[Data records]
┌────────

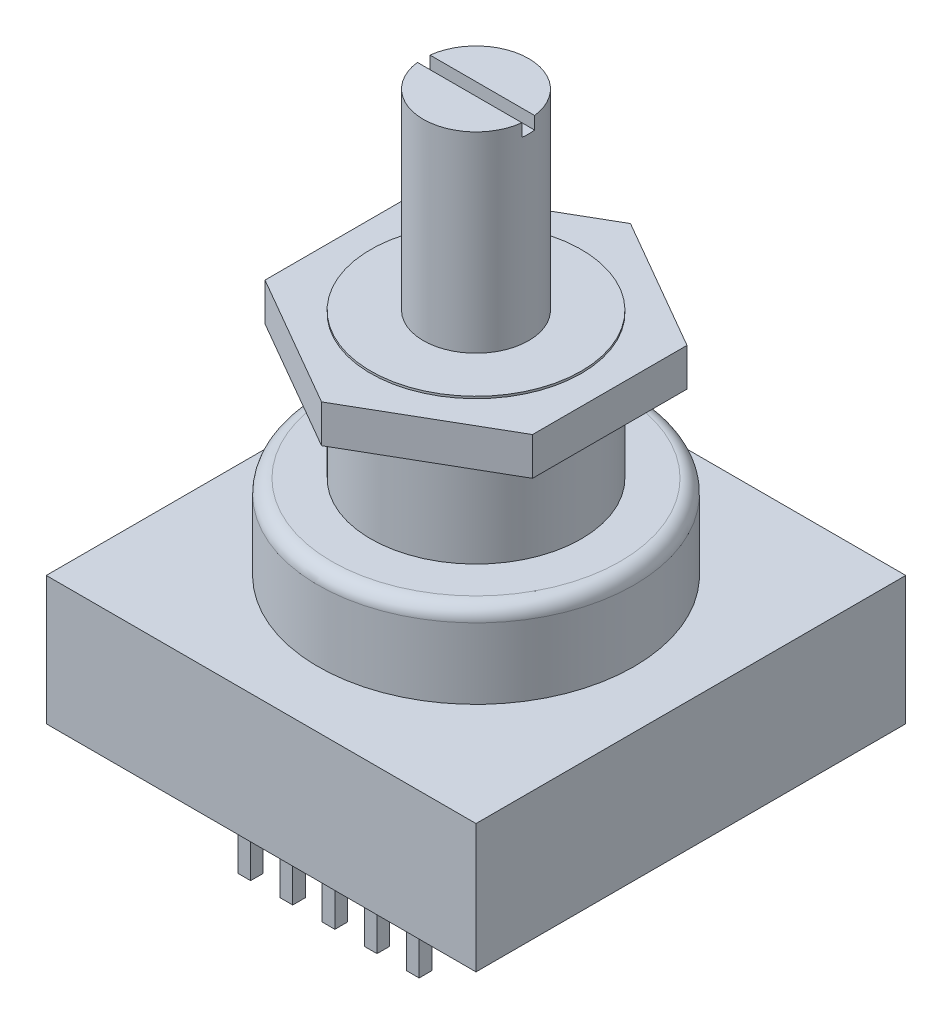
ISO-10303-21;
HEADER;
FILE_DESCRIPTION(('STEP AP214'),'2;1');
FILE_NAME('part.step','',(''),(''),'','','');
FILE_SCHEMA(('AUTOMOTIVE_DESIGN { 1 0 10303 214 1 1 1 1 }'));
ENDSEC;
DATA;
#1=APPLICATION_CONTEXT('core data for automotive mechanical design processes');
#2=APPLICATION_PROTOCOL_DEFINITION('international standard','automotive_design',2000,#1);
#3=PRODUCT_CONTEXT('',#1,'mechanical');
#4=PRODUCT('Part','Part','',(#3));
#5=PRODUCT_RELATED_PRODUCT_CATEGORY('part','',(#4));
#6=PRODUCT_DEFINITION_FORMATION('','',#4);
#7=PRODUCT_DEFINITION_CONTEXT('part definition',#1,'design');
#8=PRODUCT_DEFINITION('design','',#6,#7);
#9=PRODUCT_DEFINITION_SHAPE('','',#8);
#10=(LENGTH_UNIT() NAMED_UNIT(*) SI_UNIT(.MILLI.,.METRE.));
#11=(NAMED_UNIT(*) PLANE_ANGLE_UNIT() SI_UNIT($,.RADIAN.));
#12=(NAMED_UNIT(*) SI_UNIT($,.STERADIAN.) SOLID_ANGLE_UNIT());
#13=UNCERTAINTY_MEASURE_WITH_UNIT(LENGTH_MEASURE(1.E-05),#10,'distance_accuracy_value','');
#14=(GEOMETRIC_REPRESENTATION_CONTEXT(3) GLOBAL_UNCERTAINTY_ASSIGNED_CONTEXT((#13)) GLOBAL_UNIT_ASSIGNED_CONTEXT((#10,
#11,#12)) REPRESENTATION_CONTEXT('',''));
#15=CARTESIAN_POINT('',(0.,0.,0.));
#16=DIRECTION('',(0.,0.,1.));
#17=DIRECTION('',(1.,0.,0.));
#18=AXIS2_PLACEMENT_3D('',#15,#16,#17);
#19=CARTESIAN_POINT('',(-8.0645,21.463,4.65604124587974));
#20=DIRECTION('',(0.5,0.,-0.866025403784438));
#21=DIRECTION('',(-0.866025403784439,0.,-0.5));
#22=AXIS2_PLACEMENT_3D('',#19,#20,#21);
#23=PLANE('',#22);
#24=DIRECTION('',(0.866025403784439,0.,0.5));
#25=VECTOR('',#24,1.);
#26=CARTESIAN_POINT('',(-8.0645,19.177,4.65604124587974));
#27=LINE('',#26,#25);
#28=CARTESIAN_POINT('',(-8.0645,19.177,4.65604124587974));
#29=VERTEX_POINT('',#28);
#30=CARTESIAN_POINT('',(0.,19.177,9.31208249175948));
#31=VERTEX_POINT('',#30);
#32=EDGE_CURVE('E129',#29,#31,#27,.T.);
#33=ORIENTED_EDGE('',*,*,#32,.T.);
#34=DIRECTION('',(0.,-1.,0.));
#35=VECTOR('',#34,1.);
#36=CARTESIAN_POINT('',(0.,21.463,9.31208249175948));
#37=LINE('',#36,#35);
#38=CARTESIAN_POINT('',(0.,21.463,9.31208249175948));
#39=VERTEX_POINT('',#38);
#40=EDGE_CURVE('E12',#39,#31,#37,.T.);
#41=ORIENTED_EDGE('',*,*,#40,.F.);
#42=DIRECTION('',(0.866025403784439,0.,0.5));
#43=VECTOR('',#42,1.);
#44=CARTESIAN_POINT('',(-8.0645,21.463,4.65604124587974));
#45=LINE('',#44,#43);
#46=CARTESIAN_POINT('',(-8.0645,21.463,4.65604124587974));
#47=VERTEX_POINT('',#46);
#48=EDGE_CURVE('E139',#47,#39,#45,.T.);
#49=ORIENTED_EDGE('',*,*,#48,.F.);
#50=DIRECTION('',(0.,-1.,0.));
#51=VECTOR('',#50,1.);
#52=CARTESIAN_POINT('',(-8.0645,21.463,4.65604124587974));
#53=LINE('',#52,#51);
#54=EDGE_CURVE('E125',#47,#29,#53,.T.);
#55=ORIENTED_EDGE('',*,*,#54,.T.);
#56=EDGE_LOOP('',(#33,#41,#49,#55));
#57=FACE_BOUND('',#56,.T.);
#58=ADVANCED_FACE('F45',(#57),#23,.F.);
#59=CARTESIAN_POINT('',(0.,21.463,9.31208249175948));
#60=DIRECTION('',(-0.5,0.,-0.866025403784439));
#61=DIRECTION('',(-0.866025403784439,0.,0.5));
#62=AXIS2_PLACEMENT_3D('',#59,#60,#61);
#63=PLANE('',#62);
#64=DIRECTION('',(0.866025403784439,0.,-0.5));
#65=VECTOR('',#64,1.);
#66=CARTESIAN_POINT('',(0.,19.177,9.31208249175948));
#67=LINE('',#66,#65);
#68=CARTESIAN_POINT('',(8.0645,19.177,4.65604124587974));
#69=VERTEX_POINT('',#68);
#70=EDGE_CURVE('E132',#31,#69,#67,.T.);
#71=ORIENTED_EDGE('',*,*,#70,.T.);
#72=DIRECTION('',(0.,-1.,0.));
#73=VECTOR('',#72,1.);
#74=CARTESIAN_POINT('',(8.0645,21.463,4.65604124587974));
#75=LINE('',#74,#73);
#76=CARTESIAN_POINT('',(8.0645,21.463,4.65604124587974));
#77=VERTEX_POINT('',#76);
#78=EDGE_CURVE('E53',#77,#69,#75,.T.);
#79=ORIENTED_EDGE('',*,*,#78,.F.);
#80=DIRECTION('',(0.866025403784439,0.,-0.5));
#81=VECTOR('',#80,1.);
#82=CARTESIAN_POINT('',(0.,21.463,9.31208249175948));
#83=LINE('',#82,#81);
#84=EDGE_CURVE('E98',#39,#77,#83,.T.);
#85=ORIENTED_EDGE('',*,*,#84,.F.);
#86=ORIENTED_EDGE('',*,*,#40,.T.);
#87=EDGE_LOOP('',(#71,#79,#85,#86));
#88=FACE_BOUND('',#87,.T.);
#89=ADVANCED_FACE('F163',(#88),#63,.F.);
#90=CARTESIAN_POINT('',(8.0645,21.463,4.65604124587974));
#91=DIRECTION('',(-1.,0.,0.));
#92=DIRECTION('',(0.,-1.,0.));
#93=AXIS2_PLACEMENT_3D('',#90,#91,#92);
#94=PLANE('',#93);
#95=DIRECTION('',(0.,0.,-1.));
#96=VECTOR('',#95,1.);
#97=CARTESIAN_POINT('',(8.0645,19.177,4.65604124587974));
#98=LINE('',#97,#96);
#99=CARTESIAN_POINT('',(8.0645,19.177,-4.65604124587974));
#100=VERTEX_POINT('',#99);
#101=EDGE_CURVE('E134',#69,#100,#98,.T.);
#102=ORIENTED_EDGE('',*,*,#101,.T.);
#103=DIRECTION('',(0.,-1.,0.));
#104=VECTOR('',#103,1.);
#105=CARTESIAN_POINT('',(8.0645,21.463,-4.65604124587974));
#106=LINE('',#105,#104);
#107=CARTESIAN_POINT('',(8.0645,21.463,-4.65604124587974));
#108=VERTEX_POINT('',#107);
#109=EDGE_CURVE('E120',#108,#100,#106,.T.);
#110=ORIENTED_EDGE('',*,*,#109,.F.);
#111=DIRECTION('',(0.,0.,-1.));
#112=VECTOR('',#111,1.);
#113=CARTESIAN_POINT('',(8.0645,21.463,4.65604124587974));
#114=LINE('',#113,#112);
#115=EDGE_CURVE('E111',#77,#108,#114,.T.);
#116=ORIENTED_EDGE('',*,*,#115,.F.);
#117=ORIENTED_EDGE('',*,*,#78,.T.);
#118=EDGE_LOOP('',(#102,#110,#116,#117));
#119=FACE_BOUND('',#118,.T.);
#120=ADVANCED_FACE('F145',(#119),#94,.F.);
#121=CARTESIAN_POINT('',(8.0645,21.463,-4.65604124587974));
#122=DIRECTION('',(-0.5,0.,0.866025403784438));
#123=DIRECTION('',(0.866025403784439,0.,0.5));
#124=AXIS2_PLACEMENT_3D('',#121,#122,#123);
#125=PLANE('',#124);
#126=DIRECTION('',(-0.866025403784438,0.,-0.5));
#127=VECTOR('',#126,1.);
#128=CARTESIAN_POINT('',(8.0645,19.177,-4.65604124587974));
#129=LINE('',#128,#127);
#130=CARTESIAN_POINT('',(0.,19.177,-9.31208249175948));
#131=VERTEX_POINT('',#130);
#132=EDGE_CURVE('E119',#100,#131,#129,.T.);
#133=ORIENTED_EDGE('',*,*,#132,.T.);
#134=DIRECTION('',(0.,-1.,0.));
#135=VECTOR('',#134,1.);
#136=CARTESIAN_POINT('',(0.,21.463,-9.31208249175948));
#137=LINE('',#136,#135);
#138=CARTESIAN_POINT('',(0.,21.463,-9.31208249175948));
#139=VERTEX_POINT('',#138);
#140=EDGE_CURVE('E116',#139,#131,#137,.T.);
#141=ORIENTED_EDGE('',*,*,#140,.F.);
#142=DIRECTION('',(-0.866025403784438,0.,-0.5));
#143=VECTOR('',#142,1.);
#144=CARTESIAN_POINT('',(8.0645,21.463,-4.65604124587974));
#145=LINE('',#144,#143);
#146=EDGE_CURVE('E105',#108,#139,#145,.T.);
#147=ORIENTED_EDGE('',*,*,#146,.F.);
#148=ORIENTED_EDGE('',*,*,#109,.T.);
#149=EDGE_LOOP('',(#133,#141,#147,#148));
#150=FACE_BOUND('',#149,.T.);
#151=ADVANCED_FACE('F117',(#150),#125,.F.);
#152=CARTESIAN_POINT('',(0.,21.463,-9.31208249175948));
#153=DIRECTION('',(0.5,0.,0.866025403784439));
#154=DIRECTION('',(0.866025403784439,0.,-0.5));
#155=AXIS2_PLACEMENT_3D('',#152,#153,#154);
#156=PLANE('',#155);
#157=DIRECTION('',(-0.866025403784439,0.,0.5));
#158=VECTOR('',#157,1.);
#159=CARTESIAN_POINT('',(0.,19.177,-9.31208249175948));
#160=LINE('',#159,#158);
#161=CARTESIAN_POINT('',(-8.0645,19.177,-4.65604124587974));
#162=VERTEX_POINT('',#161);
#163=EDGE_CURVE('E84',#131,#162,#160,.T.);
#164=ORIENTED_EDGE('',*,*,#163,.T.);
#165=DIRECTION('',(0.,-1.,0.));
#166=VECTOR('',#165,1.);
#167=CARTESIAN_POINT('',(-8.0645,21.463,-4.65604124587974));
#168=LINE('',#167,#166);
#169=CARTESIAN_POINT('',(-8.0645,21.463,-4.65604124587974));
#170=VERTEX_POINT('',#169);
#171=EDGE_CURVE('E121',#170,#162,#168,.T.);
#172=ORIENTED_EDGE('',*,*,#171,.F.);
#173=DIRECTION('',(-0.866025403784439,0.,0.5));
#174=VECTOR('',#173,1.);
#175=CARTESIAN_POINT('',(0.,21.463,-9.31208249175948));
#176=LINE('',#175,#174);
#177=EDGE_CURVE('E109',#139,#170,#176,.T.);
#178=ORIENTED_EDGE('',*,*,#177,.F.);
#179=ORIENTED_EDGE('',*,*,#140,.T.);
#180=EDGE_LOOP('',(#164,#172,#178,#179));
#181=FACE_BOUND('',#180,.T.);
#182=ADVANCED_FACE('F123',(#181),#156,.F.);
#183=CARTESIAN_POINT('',(-8.0645,21.463,-4.65604124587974));
#184=DIRECTION('',(1.,0.,0.));
#185=DIRECTION('',(0.,0.,-1.));
#186=AXIS2_PLACEMENT_3D('',#183,#184,#185);
#187=PLANE('',#186);
#188=DIRECTION('',(0.,0.,1.));
#189=VECTOR('',#188,1.);
#190=CARTESIAN_POINT('',(-8.0645,19.177,-4.65604124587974));
#191=LINE('',#190,#189);
#192=EDGE_CURVE('E90',#162,#29,#191,.T.);
#193=ORIENTED_EDGE('',*,*,#192,.T.);
#194=ORIENTED_EDGE('',*,*,#54,.F.);
#195=DIRECTION('',(0.,0.,1.));
#196=VECTOR('',#195,1.);
#197=CARTESIAN_POINT('',(-8.0645,21.463,-4.65604124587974));
#198=LINE('',#197,#196);
#199=EDGE_CURVE('E61',#170,#47,#198,.T.);
#200=ORIENTED_EDGE('',*,*,#199,.F.);
#201=ORIENTED_EDGE('',*,*,#171,.T.);
#202=EDGE_LOOP('',(#193,#194,#200,#201));
#203=FACE_BOUND('',#202,.T.);
#204=ADVANCED_FACE('F152',(#203),#187,.F.);
#205=CARTESIAN_POINT('',(0.,21.463,9.31208249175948));
#206=DIRECTION('',(0.,1.,0.));
#207=DIRECTION('',(0.,0.,1.));
#208=AXIS2_PLACEMENT_3D('',#205,#206,#207);
#209=PLANE('',#208);
#210=ORIENTED_EDGE('',*,*,#48,.T.);
#211=ORIENTED_EDGE('',*,*,#84,.T.);
#212=ORIENTED_EDGE('',*,*,#115,.T.);
#213=ORIENTED_EDGE('',*,*,#146,.T.);
#214=ORIENTED_EDGE('',*,*,#177,.T.);
#215=ORIENTED_EDGE('',*,*,#199,.T.);
#216=EDGE_LOOP('',(#210,#211,#212,#213,#214,#215));
#217=FACE_BOUND('',#216,.T.);
#218=ADVANCED_FACE('F107',(#217),#209,.T.);
#219=CARTESIAN_POINT('',(0.,19.177,9.31208249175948));
#220=DIRECTION('',(0.,1.,0.));
#221=DIRECTION('',(0.,0.,1.));
#222=AXIS2_PLACEMENT_3D('',#219,#220,#221);
#223=PLANE('',#222);
#224=ORIENTED_EDGE('',*,*,#32,.F.);
#225=ORIENTED_EDGE('',*,*,#192,.F.);
#226=ORIENTED_EDGE('',*,*,#163,.F.);
#227=ORIENTED_EDGE('',*,*,#132,.F.);
#228=ORIENTED_EDGE('',*,*,#101,.F.);
#229=ORIENTED_EDGE('',*,*,#70,.F.);
#230=EDGE_LOOP('',(#224,#225,#226,#227,#228,#229));
#231=FACE_BOUND('',#230,.T.);
#232=ADVANCED_FACE('F148',(#231),#223,.F.);
#233=CLOSED_SHELL('',(#58,#89,#120,#151,#182,#204,#218,#232));
#234=MANIFOLD_SOLID_BREP('B2',#233);
#235=CARTESIAN_POINT('',(0.,33.147,0.));
#236=DIRECTION('',(0.,-1.,0.));
#237=DIRECTION('',(1.,0.,0.));
#238=AXIS2_PLACEMENT_3D('',#235,#236,#237);
#239=PLANE('',#238);
#240=CARTESIAN_POINT('',(0.,33.147,0.));
#241=DIRECTION('',(0.,-1.,0.));
#242=DIRECTION('',(1.,0.,0.));
#243=AXIS2_PLACEMENT_3D('',#240,#241,#242);
#244=CIRCLE('',#243,3.175);
#245=CARTESIAN_POINT('',(-3.15205710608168,33.147,-0.381));
#246=VERTEX_POINT('',#245);
#247=CARTESIAN_POINT('',(3.15205710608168,33.147,-0.381));
#248=VERTEX_POINT('',#247);
#249=EDGE_CURVE('E291',#246,#248,#244,.T.);
#250=ORIENTED_EDGE('',*,*,#249,.F.);
#251=DIRECTION('',(-1.,0.,0.));
#252=VECTOR('',#251,1.);
#253=CARTESIAN_POINT('',(-4.13004581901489,33.147,-0.381));
#254=LINE('',#253,#252);
#255=EDGE_CURVE('E284',#248,#246,#254,.T.);
#256=ORIENTED_EDGE('',*,*,#255,.F.);
#257=EDGE_LOOP('',(#250,#256));
#258=FACE_BOUND('',#257,.T.);
#259=ADVANCED_FACE('F230',(#258),#239,.F.);
#260=CARTESIAN_POINT('',(0.,7.747,0.));
#261=DIRECTION('',(0.,-1.,0.));
#262=DIRECTION('',(1.,0.,0.));
#263=AXIS2_PLACEMENT_3D('',#260,#261,#262);
#264=CYLINDRICAL_SURFACE('',#263,8.525);
#265=CARTESIAN_POINT('',(0.,7.747,0.));
#266=DIRECTION('',(0.,-1.,0.));
#267=DIRECTION('',(1.,0.,0.));
#268=AXIS2_PLACEMENT_3D('',#265,#266,#267);
#269=CIRCLE('',#268,8.525);
#270=CARTESIAN_POINT('',(8.525,7.747,0.));
#271=VERTEX_POINT('',#270);
#272=EDGE_CURVE('E318',#271,#271,#269,.T.);
#273=ORIENTED_EDGE('',*,*,#272,.T.);
#274=EDGE_LOOP('',(#273));
#275=FACE_BOUND('',#274,.T.);
#276=CARTESIAN_POINT('',(0.,11.827,0.));
#277=DIRECTION('',(0.,-1.,0.));
#278=DIRECTION('',(1.,0.,0.));
#279=AXIS2_PLACEMENT_3D('',#276,#277,#278);
#280=CIRCLE('',#279,8.525);
#281=CARTESIAN_POINT('',(8.525,11.827,0.));
#282=VERTEX_POINT('',#281);
#283=EDGE_CURVE('E308',#282,#282,#280,.T.);
#284=ORIENTED_EDGE('',*,*,#283,.F.);
#285=EDGE_LOOP('',(#284));
#286=FACE_BOUND('',#285,.T.);
#287=ADVANCED_FACE('F232',(#275,#286),#264,.F.);
#288=CARTESIAN_POINT('',(6.35,11.827,0.));
#289=DIRECTION('',(0.,-1.,0.));
#290=DIRECTION('',(1.,0.,0.));
#291=AXIS2_PLACEMENT_3D('',#288,#289,#290);
#292=PLANE('',#291);
#293=ORIENTED_EDGE('',*,*,#283,.T.);
#294=EDGE_LOOP('',(#293));
#295=FACE_BOUND('',#294,.T.);
#296=CARTESIAN_POINT('',(0.,11.827,0.));
#297=DIRECTION('',(0.,-1.,0.));
#298=DIRECTION('',(1.,0.,0.));
#299=AXIS2_PLACEMENT_3D('',#296,#297,#298);
#300=CIRCLE('',#299,5.35);
#301=CARTESIAN_POINT('',(5.35,11.827,0.));
#302=VERTEX_POINT('',#301);
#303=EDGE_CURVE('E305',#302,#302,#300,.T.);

└────────

* Exercise brief:
Using the entries above, repeat only the lines from the one containing "#112=VECTOR('',#111,1.);" through the one containing "#156=PLANE('',#155);", end lines included.

* Written response:
#112=VECTOR('',#111,1.);
#113=CARTESIAN_POINT('',(8.0645,21.463,4.65604124587974));
#114=LINE('',#113,#112);
#115=EDGE_CURVE('E111',#77,#108,#114,.T.);
#116=ORIENTED_EDGE('',*,*,#115,.F.);
#117=ORIENTED_EDGE('',*,*,#78,.T.);
#118=EDGE_LOOP('',(#102,#110,#116,#117));
#119=FACE_BOUND('',#118,.T.);
#120=ADVANCED_FACE('F145',(#119),#94,.F.);
#121=CARTESIAN_POINT('',(8.0645,21.463,-4.65604124587974));
#122=DIRECTION('',(-0.5,0.,0.866025403784438));
#123=DIRECTION('',(0.866025403784439,0.,0.5));
#124=AXIS2_PLACEMENT_3D('',#121,#122,#123);
#125=PLANE('',#124);
#126=DIRECTION('',(-0.866025403784438,0.,-0.5));
#127=VECTOR('',#126,1.);
#128=CARTESIAN_POINT('',(8.0645,19.177,-4.65604124587974));
#129=LINE('',#128,#127);
#130=CARTESIAN_POINT('',(0.,19.177,-9.31208249175948));
#131=VERTEX_POINT('',#130);
#132=EDGE_CURVE('E119',#100,#131,#129,.T.);
#133=ORIENTED_EDGE('',*,*,#132,.T.);
#134=DIRECTION('',(0.,-1.,0.));
#135=VECTOR('',#134,1.);
#136=CARTESIAN_POINT('',(0.,21.463,-9.31208249175948));
#137=LINE('',#136,#135);
#138=CARTESIAN_POINT('',(0.,21.463,-9.31208249175948));
#139=VERTEX_POINT('',#138);
#140=EDGE_CURVE('E116',#139,#131,#137,.T.);
#141=ORIENTED_EDGE('',*,*,#140,.F.);
#142=DIRECTION('',(-0.866025403784438,0.,-0.5));
#143=VECTOR('',#142,1.);
#144=CARTESIAN_POINT('',(8.0645,21.463,-4.65604124587974));
#145=LINE('',#144,#143);
#146=EDGE_CURVE('E105',#108,#139,#145,.T.);
#147=ORIENTED_EDGE('',*,*,#146,.F.);
#148=ORIENTED_EDGE('',*,*,#109,.T.);
#149=EDGE_LOOP('',(#133,#141,#147,#148));
#150=FACE_BOUND('',#149,.T.);
#151=ADVANCED_FACE('F117',(#150),#125,.F.);
#152=CARTESIAN_POINT('',(0.,21.463,-9.31208249175948));
#153=DIRECTION('',(0.5,0.,0.866025403784439));
#154=DIRECTION('',(0.866025403784439,0.,-0.5));
#155=AXIS2_PLACEMENT_3D('',#152,#153,#154);
#156=PLANE('',#155);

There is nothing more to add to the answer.